It is true that Python does not encourage the particular functional
style that is encouraged by auto optimization of tail recursion. A
different functional style would often use reduce (or fold) instead.

Some other points I left out in a post of medium length yet brief for
the topic.

1. If one starts with body recursion, as is typical, one must consider
commutativity (possibly associativity) of the 'inner' operator in any
conversion.

2. Instead of converting to tail recursion, one might convert to while
iteration directly.

3. One often 'polishes' the while form in a way that cannot be done
automatically.

4. While loops are actually rare in idiomatic Python code. In Python,
for loops are the standard way to linearly process a collection.

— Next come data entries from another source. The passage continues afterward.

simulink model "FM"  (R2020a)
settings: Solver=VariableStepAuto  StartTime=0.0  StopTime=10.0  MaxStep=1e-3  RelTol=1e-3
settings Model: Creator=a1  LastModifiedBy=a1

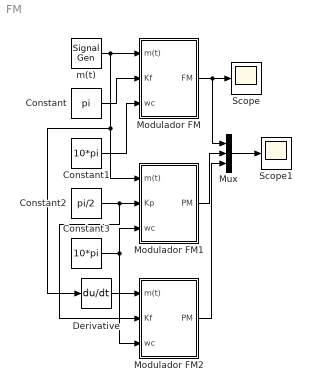
== system FM ==
  Constant : Constant  Value=pi
  Constant1 : Constant  Value=10*pi
  Constant2 : Constant  Value=pi/2
  Constant3 : Constant  Value=10*pi
  Derivative : Derivative
  Modulador FM : Subsystem
  Modulador FM1 : Subsystem
  Modulador FM2 : Subsystem
  Mux : Mux  Inputs=3
  Scope : Scope
  Scope1 : Scope
  m(t) : SignalGenerator  Units=rad/sec
  wires:
  m(t)/1 -> Derivative/1, Modulador FM1/1(m(t)), Modulador FM/1(m(t))
  Constant/1 -> Modulador FM/2(Kf)
  Constant1/1 -> Modulador FM/3(wc)
  Modulador FM/1(FM) -> Mux/1, Scope/1
  Constant2/1 -> Modulador FM2/2(Kf), Modulador FM1/2(Kp)
  Constant3/1 -> Modulador FM2/3(wc), Modulador FM1/3(wc)
  Mux/1 -> Scope1/1
  Modulador FM1/1(PM) -> Mux/2
  Derivative/1 -> Modulador FM2/1(m(t))
  Modulador FM2/1(PM) -> Mux/3

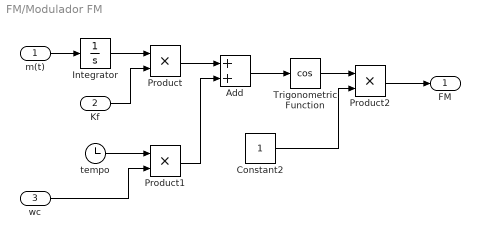
== system FM/Modulador FM ==
  m(t) : Inport
  Kf : Inport  Port=2
  wc : Inport  Port=3
  Add : Sum
  Constant2 : Constant
  Integrator : Integrator
  Product : Product
  Product1 : Product
  Product2 : Product
  Trigonometric Function : Trigonometry  Operator=cos
  tempo : Clock
  FM : Outport
  wires:
  Product2/1 -> FM/1
  Product1/1 -> Add/2
  Kf/1 -> Product/2
  Product/1 -> Add/1
  Trigonometric Function/1 -> Product2/1
  m(t)/1 -> Integrator/1
  Constant2/1 -> Product2/2
  Integrator/1 -> Product/1
  wc/1 -> Product1/2
  Add/1 -> Trigonometric Function/1
  tempo/1 -> Product1/1

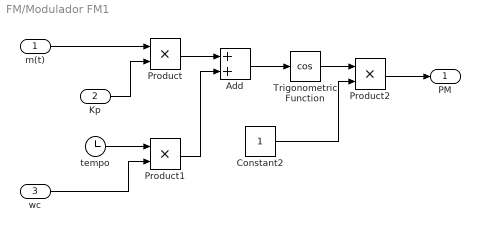
== system FM/Modulador FM1 ==
  m(t) : Inport
  Kp : Inport  Port=2
  wc : Inport  Port=3
  Add : Sum
  Constant2 : Constant
  Product : Product
  Product1 : Product
  Product2 : Product
  Trigonometric Function : Trigonometry  Operator=cos
  tempo : Clock
  PM : Outport
  wires:
  Product2/1 -> PM/1
  Product1/1 -> Add/2
  Kp/1 -> Product/2
  Product/1 -> Add/1
  Trigonometric Function/1 -> Product2/1
  Constant2/1 -> Product2/2
  m(t)/1 -> Product/1
  wc/1 -> Product1/2
  Add/1 -> Trigonometric Function/1
  tempo/1 -> Product1/1

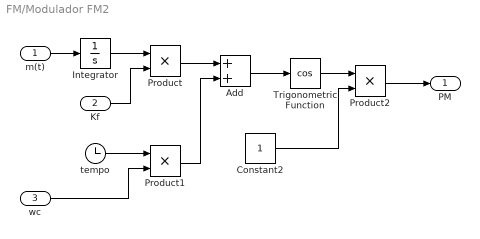
== system FM/Modulador FM2 ==
  m(t) : Inport
  Kf : Inport  Port=2
  wc : Inport  Port=3
  Add : Sum
  Constant2 : Constant
  Integrator : Integrator
  Product : Product
  Product1 : Product
  Product2 : Product
  Trigonometric Function : Trigonometry  Operator=cos
  tempo : Clock
  PM : Outport
  wires:
  Product2/1 -> PM/1
  Product1/1 -> Add/2
  Kf/1 -> Product/2
  Product/1 -> Add/1
  Trigonometric Function/1 -> Product2/1
  m(t)/1 -> Integrator/1
  Constant2/1 -> Product2/2
  Integrator/1 -> Product/1
  wc/1 -> Product1/2
  Add/1 -> Trigonometric Function/1
  tempo/1 -> Product1/1

The
final version I gave for a factorial while loop,

def fact_while(n):
if n < 0 or n != int(n):
raise ValueError('fact input {} is not a count'.format(n))
fac = 1
while n > 1:
fac *= n
n -= 1
return fac

should better be written with a for loop:

def fact_for(n):
if n < 0 or n != int(n):
raise ValueError('fact input {} is not a count'.format(n))
fac = 1:
for i in range(2, n):
fac *= n

When the input to a function is an iterable instead of n, the iterable
should be part of the for loop source expression. For loops are
integrated with Python's iterator protocol in much the same way that
recursion is integrated with list first:rest pattern matching in some
functional languages. It is true that Python encourages the use of for
loops and for clauses in comprehensions (a functional construct).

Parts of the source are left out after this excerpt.